Powerful, but easy to write constraint specifications are needed to augment
Darwin’s built-in constraints and to allow generic constraint specifications
for component selection (e.g. component type’s A and B conflict and must
not be used in the same context), composition (every composite component
must include an authentication component), binding (at most 10 clients
can bind to the file service), topology (dining philosophers must be connected
in a ring) and reconfiguration to be defined.
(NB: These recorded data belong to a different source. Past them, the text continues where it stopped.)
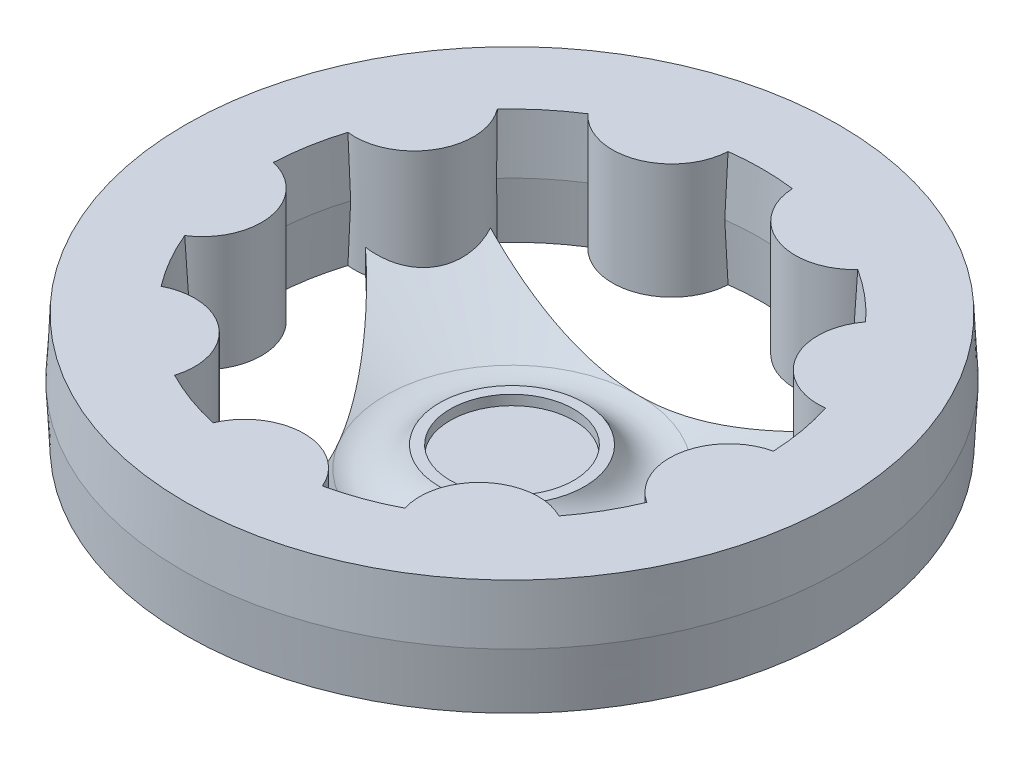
ISO-10303-21;
HEADER;
FILE_DESCRIPTION(('STEP AP214'),'2;1');
FILE_NAME('part.step','',(''),(''),'','','');
FILE_SCHEMA(('AUTOMOTIVE_DESIGN { 1 0 10303 214 1 1 1 1 }'));
ENDSEC;
DATA;
#1=APPLICATION_CONTEXT('core data for automotive mechanical design processes');
#2=APPLICATION_PROTOCOL_DEFINITION('international standard','automotive_design',2000,#1);
#3=PRODUCT_CONTEXT('',#1,'mechanical');
#4=PRODUCT('Part','Part','',(#3));
#5=PRODUCT_RELATED_PRODUCT_CATEGORY('part','',(#4));
#6=PRODUCT_DEFINITION_FORMATION('','',#4);
#7=PRODUCT_DEFINITION_CONTEXT('part definition',#1,'design');
#8=PRODUCT_DEFINITION('design','',#6,#7);
#9=PRODUCT_DEFINITION_SHAPE('','',#8);
#10=(LENGTH_UNIT() NAMED_UNIT(*) SI_UNIT(.MILLI.,.METRE.));
#11=(NAMED_UNIT(*) PLANE_ANGLE_UNIT() SI_UNIT($,.RADIAN.));
#12=(NAMED_UNIT(*) SI_UNIT($,.STERADIAN.) SOLID_ANGLE_UNIT());
#13=UNCERTAINTY_MEASURE_WITH_UNIT(LENGTH_MEASURE(1.E-05),#10,'distance_accuracy_value','');
#14=(GEOMETRIC_REPRESENTATION_CONTEXT(3) GLOBAL_UNCERTAINTY_ASSIGNED_CONTEXT((#13)) GLOBAL_UNIT_ASSIGNED_CONTEXT((#10,
#11,#12)) REPRESENTATION_CONTEXT('',''));
#15=CARTESIAN_POINT('',(0.,0.,0.));
#16=DIRECTION('',(0.,0.,1.));
#17=DIRECTION('',(1.,0.,0.));
#18=AXIS2_PLACEMENT_3D('',#15,#16,#17);
#19=CARTESIAN_POINT('',(75.8,2.,0.));
#20=DIRECTION('',(0.,1.,0.));
#21=DIRECTION('',(0.,0.,1.));
#22=AXIS2_PLACEMENT_3D('',#19,#20,#21);
#23=PLANE('',#22);
#24=CARTESIAN_POINT('',(0.,2.,0.));
#25=DIRECTION('',(0.,1.,0.));
#26=DIRECTION('',(0.,0.,1.));
#27=AXIS2_PLACEMENT_3D('',#24,#25,#26);
#28=CIRCLE('',#27,60.7337089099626);
#29=CARTESIAN_POINT('',(-27.9331315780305,2.,53.9288749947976));
#30=VERTEX_POINT('',#29);
#31=CARTESIAN_POINT('',(-13.2667924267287,1.99999999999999,59.2669858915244));
#32=VERTEX_POINT('',#31);
#33=EDGE_CURVE('E386',#30,#32,#28,.T.);
#34=ORIENTED_EDGE('',*,*,#33,.T.);
#35=CARTESIAN_POINT('',(0.,2.,64.8662910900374));
#36=DIRECTION('',(0.,1.,0.));
#37=DIRECTION('',(0.,0.,1.));
#38=AXIS2_PLACEMENT_3D('',#35,#36,#37);
#39=CIRCLE('',#38,14.4);
#40=CARTESIAN_POINT('',(-9.62033438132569,2.,54.1513871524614));
#41=VERTEX_POINT('',#40);
#42=EDGE_CURVE('E942',#32,#41,#39,.F.);
#43=ORIENTED_EDGE('',*,*,#42,.T.);
#44=CARTESIAN_POINT('',(0.,2.,0.));
#45=DIRECTION('',(0.,1.,0.));
#46=DIRECTION('',(0.,0.,1.));
#47=AXIS2_PLACEMENT_3D('',#44,#45,#46);
#48=CIRCLE('',#47,54.9993051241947);
#49=CARTESIAN_POINT('',(9.62033438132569,2.,54.1513871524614));
#50=VERTEX_POINT('',#49);
#51=EDGE_CURVE('E975',#41,#50,#48,.T.);
#52=ORIENTED_EDGE('',*,*,#51,.T.);
#53=CARTESIAN_POINT('',(13.2667924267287,2.,59.2669858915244));
#54=VERTEX_POINT('',#53);
#55=EDGE_CURVE('E979',#50,#54,#39,.F.);
#56=ORIENTED_EDGE('',*,*,#55,.T.);
#57=CARTESIAN_POINT('',(0.,2.,0.));
#58=DIRECTION('',(0.,1.,0.));
#59=DIRECTION('',(0.,0.,1.));
#60=AXIS2_PLACEMENT_3D('',#57,#58,#59);
#61=CIRCLE('',#60,60.7337089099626);
#62=CARTESIAN_POINT('',(27.9331315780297,2.,53.928874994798));
#63=VERTEX_POINT('',#62);
#64=EDGE_CURVE('E387',#54,#63,#61,.T.);
#65=ORIENTED_EDGE('',*,*,#64,.T.);
#66=CARTESIAN_POINT('',(41.6952481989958,2.,49.6904618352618));
#67=DIRECTION('',(0.,1.,0.));
#68=DIRECTION('',(0.,0.,1.));
#69=AXIS2_PLACEMENT_3D('',#66,#67,#68);
#70=CIRCLE('',#69,14.4);
#71=CARTESIAN_POINT('',(48.2590368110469,2.,36.8734154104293));
#72=VERTEX_POINT('',#71);
#73=EDGE_CURVE('E863',#63,#72,#70,.F.);
#74=ORIENTED_EDGE('',*,*,#73,.T.);
#75=CARTESIAN_POINT('',(56.0628328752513,2.,23.3568441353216));
#76=VERTEX_POINT('',#75);
#77=EDGE_CURVE('E392',#72,#76,#61,.T.);
#78=ORIENTED_EDGE('',*,*,#77,.T.);
#79=CARTESIAN_POINT('',(63.8808263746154,2.,11.2639132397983));
#80=DIRECTION('',(0.,1.,0.));
#81=DIRECTION('',(0.,0.,1.));
#82=AXIS2_PLACEMENT_3D('',#79,#80,#81);
#83=CIRCLE('',#82,14.4);
#84=CARTESIAN_POINT('',(60.6703415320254,2.,-2.77363594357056));
#85=VERTEX_POINT('',#84);
#86=EDGE_CURVE('E605',#76,#85,#83,.F.);
#87=ORIENTED_EDGE('',*,*,#86,.T.);
#88=CARTESIAN_POINT('',(57.9601116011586,2.,-18.1441136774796));
#89=VERTEX_POINT('',#88);
#90=EDGE_CURVE('E393',#85,#89,#61,.T.);
#91=ORIENTED_EDGE('',*,*,#90,.T.);
#92=CARTESIAN_POINT('',(56.1758559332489,2.,-32.4331455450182));
#93=DIRECTION('',(0.,1.,0.));
#94=DIRECTION('',(0.,0.,1.));
#95=AXIS2_PLACEMENT_3D('',#92,#93,#94);
#96=CIRCLE('',#95,14.4);
#97=CARTESIAN_POINT('',(51.7066441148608,2.,-18.7442396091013));
#98=VERTEX_POINT('',#97);
#99=EDGE_CURVE('E651',#89,#98,#96,.F.);
#100=ORIENTED_EDGE('',*,*,#99,.T.);
#101=CARTESIAN_POINT('',(0.,2.,0.));
#102=DIRECTION('',(0.,1.,0.));
#103=DIRECTION('',(0.,0.,1.));
#104=AXIS2_PLACEMENT_3D('',#101,#102,#103);
#105=CIRCLE('',#104,54.9993051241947);
#106=CARTESIAN_POINT('',(42.0863097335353,2.,-35.4071475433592));
#107=VERTEX_POINT('',#106);
#108=EDGE_CURVE('E656',#98,#107,#105,.T.);
#109=ORIENTED_EDGE('',*,*,#108,.T.);
#110=CARTESIAN_POINT('',(44.6933191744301,2.,-41.1228722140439));
#111=VERTEX_POINT('',#110);
#112=EDGE_CURVE('E643',#107,#111,#96,.F.);
#113=ORIENTED_EDGE('',*,*,#112,.T.);
#114=CARTESIAN_POINT('',(0.,2.,0.));
#115=DIRECTION('',(0.,1.,0.));
#116=DIRECTION('',(0.,0.,1.));
#117=AXIS2_PLACEMENT_3D('',#114,#115,#116);
#118=CIRCLE('',#117,60.7337089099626);
#119=CARTESIAN_POINT('',(32.7372099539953,2.,-51.1552390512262));
#120=VERTEX_POINT('',#119);
#121=EDGE_CURVE('E349',#111,#120,#118,.T.);
#122=ORIENTED_EDGE('',*,*,#121,.T.);
#123=CARTESIAN_POINT('',(22.1855781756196,2.,-60.9543750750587));
#124=DIRECTION('',(0.,1.,0.));
#125=DIRECTION('',(0.,0.,1.));
#126=AXIS2_PLACEMENT_3D('',#123,#124,#125);
#127=CIRCLE('',#126,14.4);
#128=CARTESIAN_POINT('',(7.80379606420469,2.,-60.2302595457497));
#129=VERTEX_POINT('',#128);
#130=EDGE_CURVE('E1129',#120,#129,#127,.F.);
#131=ORIENTED_EDGE('',*,*,#130,.T.);
#132=CARTESIAN_POINT('',(-7.80379606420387,2.,-60.2302595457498));
#133=VERTEX_POINT('',#132);
#134=EDGE_CURVE('E347',#129,#133,#118,.T.);
#135=ORIENTED_EDGE('',*,*,#134,.T.);
#136=CARTESIAN_POINT('',(-22.1855781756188,2.,-60.954375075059));
#137=DIRECTION('',(0.,1.,0.));
#138=DIRECTION('',(0.,0.,1.));
#139=AXIS2_PLACEMENT_3D('',#136,#137,#138);
#140=CIRCLE('',#139,14.4);
#141=CARTESIAN_POINT('',(-32.7372099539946,2.,-51.1552390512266));
#142=VERTEX_POINT('',#141);
#143=EDGE_CURVE('E1745',#133,#142,#140,.F.);
#144=ORIENTED_EDGE('',*,*,#143,.T.);
#145=CARTESIAN_POINT('',(-44.6933191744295,2.,-41.1228722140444));
#146=VERTEX_POINT('',#145);
#147=EDGE_CURVE('E342',#142,#146,#118,.T.);
#148=ORIENTED_EDGE('',*,*,#147,.T.);
#149=CARTESIAN_POINT('',(-56.1758559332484,2.,-32.433145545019));
#150=DIRECTION('',(0.,1.,0.));
#151=DIRECTION('',(0.,0.,1.));
#152=AXIS2_PLACEMENT_3D('',#149,#150,#151);
#153=CIRCLE('',#152,14.4);
#154=CARTESIAN_POINT('',(-42.0863097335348,2.,-35.4071475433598));
#155=VERTEX_POINT('',#154);
#156=EDGE_CURVE('E1046',#146,#155,#153,.F.);
#157=ORIENTED_EDGE('',*,*,#156,.T.);
#158=CARTESIAN_POINT('',(0.,2.,0.));
#159=DIRECTION('',(0.,1.,0.));
#160=DIRECTION('',(0.,0.,1.));
#161=AXIS2_PLACEMENT_3D('',#158,#159,#160);
#162=CIRCLE('',#161,54.9993051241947);
#163=CARTESIAN_POINT('',(-51.7066441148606,2.,-18.744239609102));
#164=VERTEX_POINT('',#163);
#165=EDGE_CURVE('E1051',#155,#164,#162,.T.);
#166=ORIENTED_EDGE('',*,*,#165,.T.);
#167=CARTESIAN_POINT('',(-57.9601116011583,2.,-18.1441136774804));
#168=VERTEX_POINT('',#167);
#169=EDGE_CURVE('E1043',#164,#168,#153,.F.);
#170=ORIENTED_EDGE('',*,*,#169,.T.);
#171=CARTESIAN_POINT('',(-60.6703415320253,2.,-2.77363594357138));
#172=VERTEX_POINT('',#171);
#173=EDGE_CURVE('E381',#168,#172,#28,.T.);
#174=ORIENTED_EDGE('',*,*,#173,.T.);
#175=CARTESIAN_POINT('',(-63.8808263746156,2.,11.2639132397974));
#176=DIRECTION('',(0.,1.,0.));
#177=DIRECTION('',(0.,0.,1.));
#178=AXIS2_PLACEMENT_3D('',#175,#176,#177);
#179=CIRCLE('',#178,14.4);
#180=CARTESIAN_POINT('',(-56.0628328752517,2.,23.3568441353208));
#181=VERTEX_POINT('',#180);
#182=EDGE_CURVE('E1014',#172,#181,#179,.F.);
#183=ORIENTED_EDGE('',*,*,#182,.T.);
#184=CARTESIAN_POINT('',(-48.2590368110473,2.,36.8734154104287));
#185=VERTEX_POINT('',#184);
#186=EDGE_CURVE('E385',#181,#185,#28,.T.);
#187=ORIENTED_EDGE('',*,*,#186,.T.);
#188=CARTESIAN_POINT('',(-41.6952481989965,2.,49.6904618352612));
#189=DIRECTION('',(0.,1.,0.));
#190=DIRECTION('',(0.,0.,1.));
#191=AXIS2_PLACEMENT_3D('',#188,#189,#190);
#192=CIRCLE('',#191,14.4);
#193=EDGE_CURVE('E435',#185,#30,#192,.F.);
#194=ORIENTED_EDGE('',*,*,#193,.T.);
#195=EDGE_LOOP('',(#34,#43,#52,#56,#65,#74,#78,#87,#91,#100,#109,#113,#122,#131,#135,#144,#148,
#157,#166,#170,#174,#183,#187,#194));
#196=FACE_BOUND('',#195,.T.);
#197=CARTESIAN_POINT('',(0.,2.,0.));
#198=DIRECTION('',(0.,1.,0.));
#199=DIRECTION('',(0.,0.,1.));
#200=AXIS2_PLACEMENT_3D('',#197,#198,#199);
#201=CIRCLE('',#200,75.8);
#202=CARTESIAN_POINT('',(10.1073022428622,1.99999999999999,75.1231152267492));
#203=VERTEX_POINT('',#202);
#204=CARTESIAN_POINT('',(-10.1073022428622,1.99999999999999,75.1231152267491));
#205=VERTEX_POINT('',#204);
#206=EDGE_CURVE('E831',#203,#205,#201,.T.);
#207=ORIENTED_EDGE('',*,*,#206,.T.);
#208=CARTESIAN_POINT('',(0.,1.99999999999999,64.8662910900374));
#209=DIRECTION('',(0.,1.,0.));
#210=DIRECTION('',(0.,0.,1.));
#211=AXIS2_PLACEMENT_3D('',#208,#209,#210);
#212=CIRCLE('',#211,14.4);
#213=CARTESIAN_POINT('',(-14.2213508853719,1.99999999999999,62.6050571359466));
#214=VERTEX_POINT('',#213);
#215=EDGE_CURVE('E325',#214,#205,#212,.T.);
#216=ORIENTED_EDGE('',*,*,#215,.F.);
#217=CARTESIAN_POINT('',(0.,2.,0.));
#218=DIRECTION('',(0.,1.,0.));
#219=DIRECTION('',(0.,0.,1.));
#220=AXIS2_PLACEMENT_3D('',#217,#218,#219);
#221=CIRCLE('',#220,64.2);
#222=CARTESIAN_POINT('',(14.2213508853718,1.99999999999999,62.6050571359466));
#223=VERTEX_POINT('',#222);
#224=EDGE_CURVE('E332',#223,#214,#221,.T.);
#225=ORIENTED_EDGE('',*,*,#224,.F.);
#226=EDGE_CURVE('E66',#203,#223,#212,.T.);
#227=ORIENTED_EDGE('',*,*,#226,.F.);
#228=EDGE_LOOP('',(#207,#216,#225,#227));
#229=FACE_BOUND('',#228,.T.);
#230=CARTESIAN_POINT('',(0.,2.,0.));
#231=DIRECTION('',(0.,1.,0.));
#232=DIRECTION('',(0.,0.,1.));
#233=AXIS2_PLACEMENT_3D('',#230,#231,#232);
#234=CIRCLE('',#233,79.2662910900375);
#235=CARTESIAN_POINT('',(0.,2.,79.2662910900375));
#236=VERTEX_POINT('',#235);
#237=EDGE_CURVE('E827',#236,#236,#234,.T.);
#238=ORIENTED_EDGE('',*,*,#237,.F.);
#239=EDGE_LOOP('',(#238));
#240=FACE_BOUND('',#239,.T.);
#241=CARTESIAN_POINT('',(0.,1.99999999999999,64.8662910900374));
#242=DIRECTION('',(0.,1.,0.));
#243=DIRECTION('',(0.,0.,1.));
#244=AXIS2_PLACEMENT_3D('',#241,#242,#243);
#245=CIRCLE('',#244,6.);
#246=CARTESIAN_POINT('',(0.,1.99999999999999,70.8662910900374));
#247=VERTEX_POINT('',#246);
#248=EDGE_CURVE('E846',#247,#247,#245,.T.);
#249=ORIENTED_EDGE('',*,*,#248,.T.);
#250=EDGE_LOOP('',(#249));
#251=FACE_BOUND('',#250,.T.);
#252=ADVANCED_FACE('F49',(#196,#229,#240,#251),#23,.F.);
#253=CARTESIAN_POINT('',(0.,0.,0.));
#254=DIRECTION('',(0.,1.,0.));
#255=DIRECTION('',(0.,0.,1.));
#256=AXIS2_PLACEMENT_3D('',#253,#254,#255);
#257=CYLINDRICAL_SURFACE('',#256,64.2);
#258=DIRECTION('',(0.,1.,0.));
#259=VECTOR('',#258,1.);
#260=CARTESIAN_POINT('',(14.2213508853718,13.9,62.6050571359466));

Constraint will also
help us address some difficult research problems: (1) Can we specify and
determine all legal combinations of an architecture? (2) If
an architecture can have more than one legal structure, how do we select
the one that has the “best-fit”? (3) Can a mobile component
belong to more than one architectural domain at runtime, if so how is it
reconfigured? (4) Can we dynamically merge two applications using
their architectural descriptions? (5) Can we dynamically split an
architecture into two or more architectures?
Although architecture description languages are primarily used to structure
application software, we can also apply the structural capabilities of
an architectural description language to structure complex link hierarchies.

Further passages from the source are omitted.